For much of the early run of Moon Knight, Steven, like the audience, is playing catchup as to when his multiple personalities emerged, whether Marc is dangerous, and why he can summon a snazzy white suit that absorbs bullets and gives him healing powers. The answers may lie with Layla (Ramy’s May Calamawy), the wife of Marc who explains to a confused Steven that they’ve spelunked many a pyramid together. (Steven develops a crush on her, to Marc’s chagrin.) Over and over again, Marc and Steven bicker over who should hold the body while Layla begs them to “summon the suit,” since Ethan Hawke’s bad guy is baring down on them. If Steven, the pacifist vegan, is in control of the body, he usually refuses.

As a result, Isaac doesn’t wear the Moon Knight suit much. Watching Isaac, run suit-less, wide-eyed and charmingly sweaty from a demon hyena or one of the other ghouls that Hawke’s cult leader character summons evokes another Disney+ series, The Mandalorian. I’m a fan of that Star Wars show mostly thanks to the titular Mandalorian’s adorable little companion. But the series’ very famous star, Pedro Pascal, has lifted his helmet to show his face exactly two times in The Mandalorian’s two seasons. Fans have begun to speculate that Pascal isn’t in the suit much while filming.

And even if Pascal is hiding under there, what’s the point of casting a movie star when you don’t get to see his face? This is an increasingly pressing problem as more and more TV shows and films center on masked men (and women). I’m sure Hollywood executives are holding long meetings about how often Spider-Man or Darth Vader should pull off their masks to remind the audience there’s an actor under there. A fabulous Isaac makes a compelling case for shunning the mask.

The actor clearly delights in playing Moon Knight’s different personalities and bickering with himself. The mild mannered Steven rolls his eyes in shock when conversing in the mirror with an agitated Marc, who boasts the swagger and ego of Indiana Jones. If the comics are any indication, we’ll get to meet even more personas and watch Isaac flex his acting muscles further. The struggle between the two men the central plot, with Steven/Marc’s possible connections to Doctor Strange or Spider-Man thankfully shunted to the side.

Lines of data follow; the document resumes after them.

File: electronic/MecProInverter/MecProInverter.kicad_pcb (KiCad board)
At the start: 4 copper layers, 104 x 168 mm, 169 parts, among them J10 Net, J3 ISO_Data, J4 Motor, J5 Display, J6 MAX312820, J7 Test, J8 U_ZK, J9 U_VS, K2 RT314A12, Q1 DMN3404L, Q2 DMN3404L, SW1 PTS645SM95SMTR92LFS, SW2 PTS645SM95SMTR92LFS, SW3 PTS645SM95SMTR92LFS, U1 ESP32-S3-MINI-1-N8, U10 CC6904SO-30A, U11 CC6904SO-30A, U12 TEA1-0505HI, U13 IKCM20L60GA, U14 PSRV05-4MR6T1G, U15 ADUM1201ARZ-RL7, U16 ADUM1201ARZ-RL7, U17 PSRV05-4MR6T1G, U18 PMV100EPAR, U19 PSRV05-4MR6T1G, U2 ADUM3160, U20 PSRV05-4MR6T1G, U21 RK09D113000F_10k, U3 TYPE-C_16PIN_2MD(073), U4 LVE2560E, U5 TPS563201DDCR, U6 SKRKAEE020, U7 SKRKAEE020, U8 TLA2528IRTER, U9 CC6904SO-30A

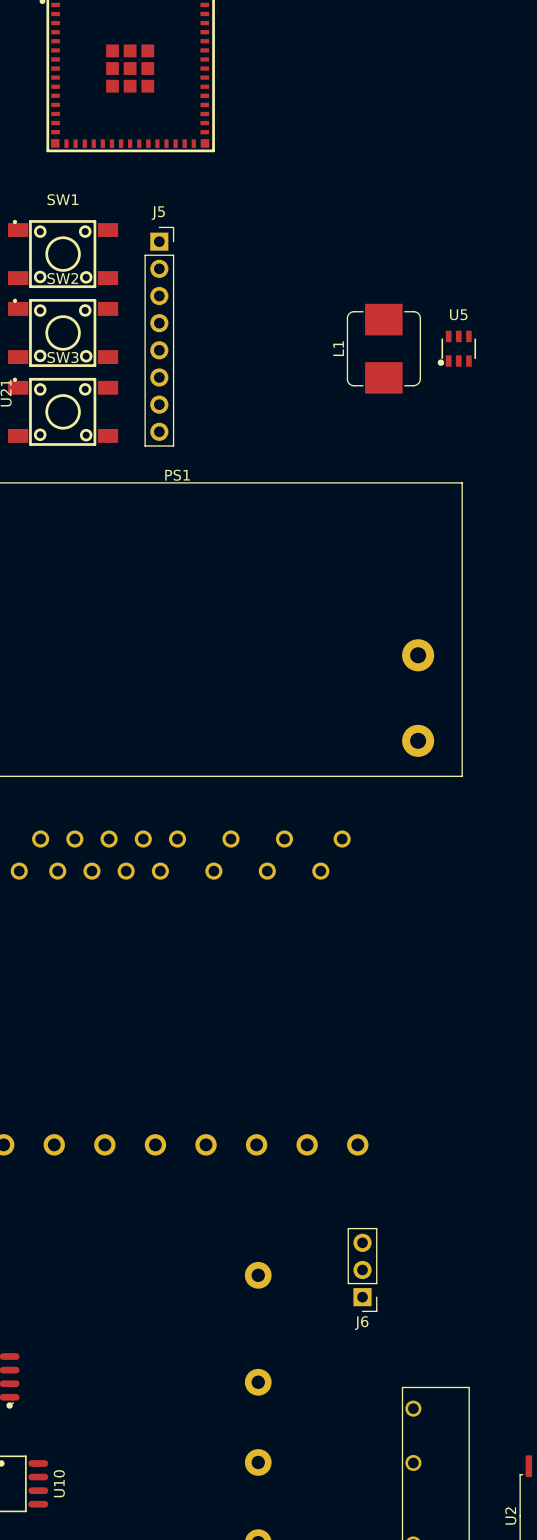
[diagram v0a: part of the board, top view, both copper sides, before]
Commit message: Electronic
Added 3d Moodel on Layout
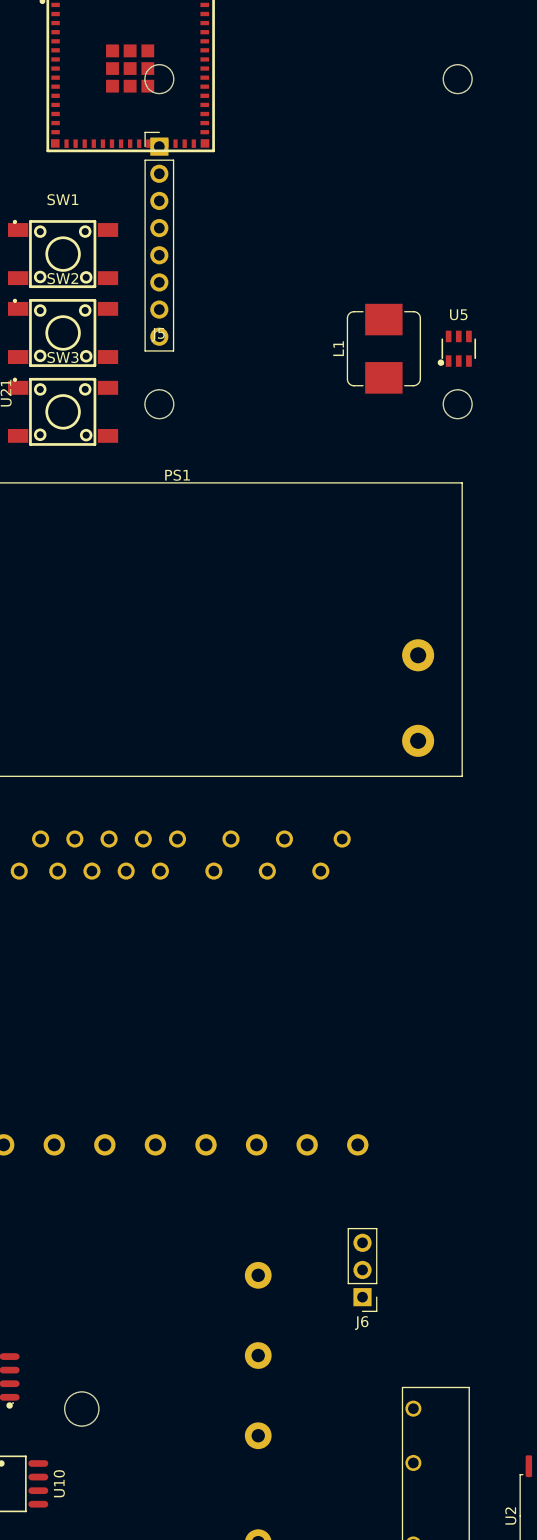
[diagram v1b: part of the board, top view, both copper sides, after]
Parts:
- J5: footprint Connector_PinSocket_2.54mm:PinSocket_1x08_P2.54mm_Vertical -> Own_Footprint:Adafruit_938
- U4: footprint Own_Library:LVE2560E -> Own_Footprint:LVE2560E
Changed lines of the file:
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@@
     )
   )
-  (footprint "Connector_PinSocket_2.54mm:PinSocket_1x08_P2.54mm_Vertical" (layer "F.Cu")
+  (footprint "Own_Footprint:Adafruit_938" (layer "F.Cu")
     (at 131 82.84)
-    (descr "Through hole straight socket strip, 1x08, 2.54mm pitch, single row (from Kicad 4.0.7), script generated")
-    (tags "Through hole socket strip THT 1x08 2.54mm single row")
     (property "Sheetfile" "control.kicad_sch")
     (property "Sheetname" "Control")
@@
     (property "ki_keywords" "connector")
     (attr through_hole)
-    (fp_text reference "J5" (at 0 -2.77) (layer "F.SilkS")
+    (fp_text reference "J5" (at 0 8.61 unlocked) (layer "F.SilkS")
+        (effects (font (size 1 1) (thickness 0.1)))
+    )
+    (fp_text value "Display" (at 0 10.11 unlocked) (layer "F.Fab")
         (effects (font (size 1 1) (thickness 0.15)))
     )
-    (fp_text value "Display" (at 0 20.55) (layer "F.Fab")
+    (fp_text user "${REFERENCE}" (at 0 0 90) (layer "F.Fab")
         (effects (font (size 1 1) (thickness 0.15)))
     )
-    (fp_text user "${REFERENCE}" (at 0 8.89 90) (layer "F.Fab")
+    (fp_text user "${REFERENCE}" (at 0 11.36 unlocked) (layer "F.Fab")
         (effects (font (size 1 1) (thickness 0.15)))
     )
-    (fp_line (start -1.33 1.27) (end -1.33 19.11)
+    (fp_line (start -1.33 -10.22) (end 0 -10.22)
       (stroke (width 0.12) (type solid)) (layer "F.SilkS"))
-    (fp_line (start -1.33 1.27) (end 1.33 1.27)
+    (fp_line (start -1.33 -8.89) (end -1.33 -10.22)
       (stroke (width 0.12) (type solid)) (layer "F.SilkS"))
-    (fp_line (start -1.33 19.11) (end 1.33 19.11)
+    (fp_line (start -1.33 -7.62) (end -1.33 10.22)
       (stroke (width 0.12) (type solid)) (layer "F.SilkS"))
-    (fp_line (start 0 -1.33) (end 1.33 -1.33)
+    (fp_line (start -1.33 -7.62) (end 1.33 -7.62)
       (stroke (width 0.12) (type solid)) (layer "F.SilkS"))
-    (fp_line (start 1.33 -1.33) (end 1.33 0)
+    (fp_line (start -1.33 10.22) (end 1.33 10.22)
       (stroke (width 0.12) (type solid)) (layer "F.SilkS"))
-    (fp_line (start 1.33 1.27) (end 1.33 19.11)
+    (fp_line (start 1.33 -7.62) (end 1.33 10.22)
       (stroke (width 0.12) (type solid)) (layer "F.SilkS"))
-    (fp_line (start -1.8 -1.8) (end 1.75 -1.8)
+    (fp_circle (center 0 -15.2) (end 1.35 -15.2)
+      (stroke (width 0.1) (type default)) (fill none) (layer "Edge.Cuts"))
+    (fp_circle (center 0 15.2) (end 1.35 15.2)
+      (stroke (width 0.1) (type default)) (fill none) (layer "Edge.Cuts"))
+    (fp_circle (center 27.9 -15.2) (end 29.25 -15.2)
+      (stroke (width 0.1) (type default)) (fill none) (layer "Edge.Cuts"))
+    (fp_circle (center 27.9 15.2) (end 29.25 15.2)
+      (stroke (width 0.1) (type default)) (fill none) (layer "Edge.Cuts"))
+    (fp_line (start -1.8 -10.69) (end -1.8 10.66)
       (stroke (width 0.05) (type solid)) (layer "F.CrtYd"))
-    (fp_line (start -1.8 19.55) (end -1.8 -1.8)
+    (fp_line (start -1.8 10.66) (end 1.8 10.66)
       (stroke (width 0.05) (type solid)) (layer "F.CrtYd"))
-    (fp_line (start 1.75 -1.8) (end 1.75 19.55)
+    (fp_line (start 1.8 -10.69) (end -1.8 -10.69)
       (stroke (width 0.05) (type solid)) (layer "F.CrtYd"))
-    (fp_line (start 1.75 19.55) (end -1.8 19.55)
+    (fp_line (start 1.8 10.66) (end 1.8 -10.69)
       (stroke (width 0.05) (type solid)) (layer "F.CrtYd"))
-    (fp_line (start -1.27 -1.27) (end 0.635 -1.27)
+    (fp_line (start -1.27 -9.525) (end -0.635 -10.16)
       (stroke (width 0.1) (type solid)) (layer "F.Fab"))
-    (fp_line (start -1.27 19.05) (end -1.27 -1.27)
+    (fp_line (start -1.27 10.16) (end -1.27 -9.525)
       (stroke (width 0.1) (type solid)) (layer "F.Fab"))
-    (fp_line (start 0.635 -1.27) (end 1.27 -0.635)
+    (fp_line (start -0.635 -10.16) (end 1.27 -10.16)
       (stroke (width 0.1) (type solid)) (layer "F.Fab"))
-    (fp_line (start 1.27 -0.635) (end 1.27 19.05)
+    (fp_line (start 1.27 -10.16) (end 1.27 10.16)
       (stroke (width 0.1) (type solid)) (layer "F.Fab"))
-    (fp_line (start 1.27 19.05) (end -1.27 19.05)
+    (fp_line (start 1.27 10.16) (end -1.27 10.16)
       (stroke (width 0.1) (type solid)) (layer "F.Fab"))
-    (pad "1" thru_hole rect (at 0 0) (size 1.7 1.7) (drill 1) (layers "*.Cu" "*.Mask")
+    (pad "1" thru_hole rect (at 0 -8.89) (size 1.7 1.7) (drill 1) (layers "*.Cu" "*.Mask")
       (net 112 "Net-(J5-Pin_1)") (pinfunction "Pin_1") (pintype "passive"))
-    (pad "2" thru_hole oval (at 0 2.54) (size 1.7 1.7) (drill 1) (layers "*.Cu" "*.Mask")
+    (pad "2" thru_hole oval (at 0 -6.35) (size 1.7 1.7) (drill 1) (layers "*.Cu" "*.Mask")
       (net 113 "Net-(J5-Pin_2)") (pinfunction "Pin_2") (pintype "passive"))
-    (pad "3" thru_hole oval (at 0 5.08) (size 1.7 1.7) (drill 1) (layers "*.Cu" "*.Mask")
+    (pad "3" thru_hole oval (at 0 -3.81) (size 1.7 1.7) (drill 1) (layers "*.Cu" "*.Mask")
       (net 115 "Net-(J5-Pin_3)") (pinfunction "Pin_3") (pintype "passive"))
-    (pad "4" thru_hole oval (at 0 7.62) (size 1.7 1.7) (drill 1) (layers "*.Cu" "*.Mask")
+    (pad "4" thru_hole oval (at 0 -1.27) (size 1.7 1.7) (drill 1) (layers "*.Cu" "*.Mask")
       (net 116 "Net-(J5-Pin_4)") (pinfunction "Pin_4") (pintype "passive"))
-    (pad "5" thru_hole oval (at 0 10.16) (size 1.7 1.7) (drill 1) (layers "*.Cu" "*.Mask")
+    (pad "5" thru_hole oval (at 0 1.27) (size 1.7 1.7) (drill 1) (layers "*.Cu" "*.Mask")
       (net 117 "Net-(J5-Pin_5)") (pinfunction "Pin_5") (pintype "passive"))
-    (pad "6" thru_hole oval (at 0 12.7) (size 1.7 1.7) (drill 1) (layers "*.Cu" "*.Mask")
+    (pad "6" thru_hole oval (at 0 3.81) (size 1.7 1.7) (drill 1) (layers "*.Cu" "*.Mask")
       (net 122 "Net-(J5-Pin_6)") (pinfunction "Pin_6") (pintype "passive"))
-    (pad "7" thru_hole oval (at 0 15.24) (size 1.7 1.7) (drill 1) (layers "*.Cu" "*.Mask")
+    (pad "7" thru_hole oval (at 0 6.35) (size 1.7 1.7) (drill 1) (layers "*.Cu" "*.Mask")
       (net 3 "+3.3V") (pinfunction "Pin_7") (pintype "passive"))
-    (pad "8" thru_hole oval (at 0 17.78) (size 1.7 1.7) (drill 1) (layers "*.Cu" "*.Mask")
+    (pad "8" thru_hole oval (at 0 8.89) (size 1.7 1.7) (drill 1) (layers "*.Cu" "*.Mask")
       (net 2 "GND") (pinfunction "Pin_8") (pintype "passive"))
-    (model "${KICAD6_3DMODEL_DIR}/Connector_PinSocket_2.54mm.3dshapes/PinSocket_1x08_P2.54mm_Vertical.wrl"
-      (offset (xyz 0 0 0))
+    (model "C:/GitHub/MecProInverter/electronic/own_library/footprint/packages3d/938 Mono 128x64 OLED Stemma.step"
+      (offset (xyz 30.48 17.78 16.5))
       (scale (xyz 1 1 1))
-      (rotate (xyz 0 0 0))
+      (rotate (xyz 180 0 90))
     )
   )
@@
     )
   )
-  (footprint "Own_Library:LVE2560E" (layer "B.Cu")
+  (footprint "Own_Footprint:LVE2560E" (layer "B.Cu")
     (at 140.25 179.5 -90)
     (property "Sheetfile" "power.kicad_sch")
@@
     (property "ki_description" "LVE2560E")
     (attr through_hole)
-    (fp_text reference "U4" (at 12.5 8 -270 unlocked) (layer "B.SilkS")
+    (fp_text reference "U4" (at 12.5 8 90 unlocked) (layer "B.SilkS")
         (effects (font (size 1 1) (thickness 0.1)) (justify mirror))
     )
-    (fp_text value " LVE2560E" (at 12.5 6.5 -270 unlocked) (layer "B.Fab")
+    (fp_text value " LVE2560E" (at 12.5 6.5 90 unlocked) (layer "B.Fab")
         (effects (font (size 1 1) (thickness 0.15)) (justify mirror))
     )
-    (fp_text user "${REFERENCE}" (at 12.5 5 -270 unlocked) (layer "B.Fab")
+    (fp_text user "${REFERENCE}" (at 12.5 5 90 unlocked) (layer "B.Fab")
         (effects (font (size 1 1) (thickness 0.15)) (justify mirror))
     )
     (fp_rect (start -2.5 2.5) (end 27.5 -2.5)
       (stroke (width 0.1) (type default)) (fill none) (layer "B.SilkS"))
-    (fp_rect (start -2.5 25) (end 27.5 -2.5)
+    (fp_rect (start -2.5 25.5) (end 27.5 -2.5)
       (stroke (width 0.1) (type default)) (fill none) (layer "B.SilkS"))
+    (fp_circle (center 12.5 16.5) (end 14.1 16.5)
+      (stroke (width 0.1) (type default)) (fill none) (layer "Edge.Cuts"))
     (pad "1" thru_hole circle (at 0 0 270) (size 2.5 2.5) (drill 1.25) (layers "*.Cu" "*.Mask")
       (net 152 "Net-(U4-VDD)") (pinfunction "VDD") (pintype "power_out"))
-    (pad "2" thru_hole circle (at 10 0 270) (size 2.5 2.5) (drill 1.25) (layers "*.Cu" "*.Mask")
+    (pad "2" thru_hole circle (at 7.5 0 270) (size 2.5 2.5) (drill 1.25) (layers "*.Cu" "*.Mask")
       (net 92 "Net-(U4-~Phase)") (pinfunction "~Phase") (pintype "power_in"))
-    (pad "3" thru_hole circle (at 17.5 0 270) (size 2.5 2.5) (drill 1.25) (layers "*.Cu" "*.Mask")
+    (pad "3" thru_hole circle (at 15 0 270) (size 2.5 2.5) (drill 1.25) (layers "*.Cu" "*.Mask")
       (net 114 "/Power/AC_N") (pinfunction "~Neutral") (pintype "power_in"))
     (pad "4" thru_hole circle (at 25 0 270) (size 2.5 2.5) (drill 1.25) (layers "*.Cu" "*.Mask")
       (net 2 "GND") (pinfunction "GND") (pintype "power_out"))
+    (model "C:/GitHub/MecProInverter/electronic/own_library/footprint/packages3d/BrueckenGR_LVE2560E.stp"
+      (offset (xyz 27.5 5.5 -1.5))
+      (scale (xyz 1 1 1))
+      (rotate (xyz 0 0 0))
+    )
   )
   (gr_rect locked (start 94 53) (end 198 221)

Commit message: Electronic
Schematic V1.0
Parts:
- removed C44: 0.1nF, Capacitor_SMD:C_0603_1608Metric
- added C14: 4.7uF, Capacitor_SMD:C_0603_1608Metric, F.Cu at (60.9, 113.2)
- added C15: 100nF, Capacitor_SMD:C_0603_1608Metric, F.Cu at (60.9, 115.7)
- added C16: 100nF, Capacitor_SMD:C_0603_1608Metric, F.Cu at (60.9, 118.2)
- added C17: 4.7uF, Capacitor_SMD:C_0603_1608Metric, F.Cu at (60.9, 120.7)
- added C18: 4.7uF, Capacitor_SMD:C_0603_1608Metric, F.Cu at (60.9, 123.2)
- added C19: 100nF, Capacitor_SMD:C_0603_1608Metric, F.Cu at (60.9, 125.7)
- added C53: 100nF, Capacitor_SMD:C_0603_1608Metric, F.Cu at (65.0, 113.2)
- added C54: 100nF, Capacitor_SMD:C_0603_1608Metric, F.Cu at (65.0, 115.7)
- added C55: 100nF, Capacitor_SMD:C_0603_1608Metric, F.Cu at (65.0, 118.2)
- added C56: 100nF, Capacitor_SMD:C_0603_1608Metric, F.Cu at (65.0, 120.7)
- added D10: D, Diode_SMD:D_0603_1608Metric, F.Cu at (69.0, 118.4)
- added D11: D, Diode_SMD:D_0603_1608Metric, F.Cu at (69.0, 121.0)
- added D8: D, Diode_SMD:D_0603_1608Metric, F.Cu at (69.0, 113.2)
- added D9: D, Diode_SMD:D_0603_1608Metric, F.Cu at (69.0, 115.8)
- added R1: 14.4, Own_Footprint:PWR220T-20, B.Cu at (103.5, 204.0)
- added R65: 10M, Resistor_SMD:R_0603_1608Metric, F.Cu at (65.0, 123.2)
- C10, C11, C12, C13, C20, C5, C6, C7, C8, C9: footprint Capacitor_SMD:C_0201_0603Metric -> Capacitor_SMD:C_0603_1608Metric
- C41, C42: value 0.1nF -> 100nF
- R10, R11, R12, R13, R14, R15, R16, R17, R19, R2, R20, R21, R22, R23, R24, R25, R26, R27, R28, R29, R3, R30, R4, R5, R6, R7, R8, R9: footprint Resistor_SMD:R_0201_0603Metric -> Resistor_SMD:R_0603_1608Metric
- R32, R33, R34, R36, R37, R38, R39, R40, R41, R42, R47, R48, R49, R50, R51, R52, R53, R54, R55, R56, R57, R58, R59, R61, R62: footprint Resistor_SMD:R_0201_0603Metric_Pad0.64x0.40mm_HandSolder -> Resistor_SMD:R_0603_1608Metric
- R35: value 999m -> 999M; footprint Resistor_SMD:R_0201_0603Metric_Pad0.64x0.40mm_HandSolder -> Resistor_SMD:R_0603_1608Metric
- R43, R44, R45: value 100 -> 10M; footprint Resistor_SMD:R_0201_0603Metric_Pad0.64x0.40mm_HandSolder -> Resistor_SMD:R_0603_1608Metric
- R60: value 999m -> 330; footprint Resistor_SMD:R_0201_0603Metric_Pad0.64x0.40mm_HandSolder -> Resistor_SMD:R_0603_1608Metric
- TP1, TP2, TP3, TP4, TP5, TP6, TP7, TP8: footprint TestPoint:TestPoint_Pad_D2.0mm -> TestPoint:TestPoint_Pad_D1.5mm
- moved U5 133.1 mm to (32.0, 53.1)
- moved L1 119.7 mm to (39.6, 51.8)
- moved D3 68.0 mm to (173.0, 65.0)
- moved PS1 50.4 mm to (154.8, 132.3), turned to 180 degrees
- moved J7 43.5 mm to (96.0, 111.7), turned to 180 degrees
- moved K2 27.3 mm to (99.2, 152.8), turned to -90 degrees
- moved U21 25.6 mm to (103.0, 71.6), turned to 180 degrees
- moved J10 21.5 mm to (107.0, 215.5)
- moved J4 21.5 mm to (128.5, 215.5)
- moved SW1 20.2 mm to (119.0, 64.0)
- moved U8 19.1 mm to (124.5, 184.3)
- moved U7 18.0 mm to (121.0, 56.0), turned to 0 degrees
- moved U1 17.7 mm to (146.0, 66.0)
- moved U10 17.1 mm to (133.0, 205.0)
- moved Q1 16.8 mm to (109.0, 146.0)
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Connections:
- C41 pad 2: /Power/CURRENT_AC -> Net-(D9-K)
- C42 pad 2: Net-(U8-AIN3/GPIO3) -> Net-(D10-K)
- K2 pad 11: /Power/AC_L -> Net-(U4-~Phase)
- K2 pad 14: Net-(U4-~Phase) -> /Power/AC_L
- R43 pad 1: Net-(U9-OUT) -> Net-(D9-K)
- R43 pad 2: /Power/CURRENT_AC -> GND
- R44 pad 1: Net-(U10-OUT) -> Net-(D10-K)
- R44 pad 2: Net-(U8-AIN3/GPIO3) -> GND
- R45 pad 1: Net-(U11-OUT) -> Net-(D11-K)
- R45 pad 2: Net-(U8-AIN4/GPIO4) -> GND
- R47 pad 1: Net-(U8-AIN2/GPIO2) -> Net-(D11-A)
- R60 pad 2: GND -> Net-(U13-ITRIP)
- R64 pad 2: Net-(U8-AIN2/GPIO2) -> Net-(D11-A)
- U10 pad 7: Net-(U10-OUT) -> Net-(D9-A)
- U11 pad 7: Net-(U11-OUT) -> Net-(D10-A)
- U8 pad 1: Net-(U8-AIN2/GPIO2) -> Net-(D11-K)
- U8 pad 2: Net-(U8-AIN3/GPIO3) -> Net-(D9-K)
- U8 pad 3: Net-(U8-AIN4/GPIO4) -> Net-(D10-K)
- U9 pad 7: Net-(U9-OUT) -> Net-(D8-A)

(L-R) Ethan Hawke and Oscar Isaac in Moon KnightMarvel Studios

The story can be nonsensical, with the revelations about Steven/Marc’s past often hard to follow. The show attempts—not always with success—to carefully navigate Steven’s mental health issues. And while the inclusion of specific shots and musical moments from Indiana Jones are meant to pay homage to the storied franchise, they often diminish Moon Knight’s power. The audience is reminded not only that Steven Spielberg is an unmatched director whose adventure movies are shot far more beautifully than this one, but that perhaps a show about Americans and Brits plundering Egypt’s antiquities is not the best choice of story for 2022. (In fairness to the series and its many “authentic storytelling” consultants, Layla’s Egyptian identity and the battle over who really deserves to own the Egyptian treasures displayed in British museums, are central to the plot.)

By episode four, the show seems to be falling back on formula and can start to feel like a bad Mummy remake. But just when you’re getting a little bored, the show pivots (no spoilers). It offers hope that the show will not fall back on the typical arc of superhero stories, as WandaVision did, and try something a little bit weird.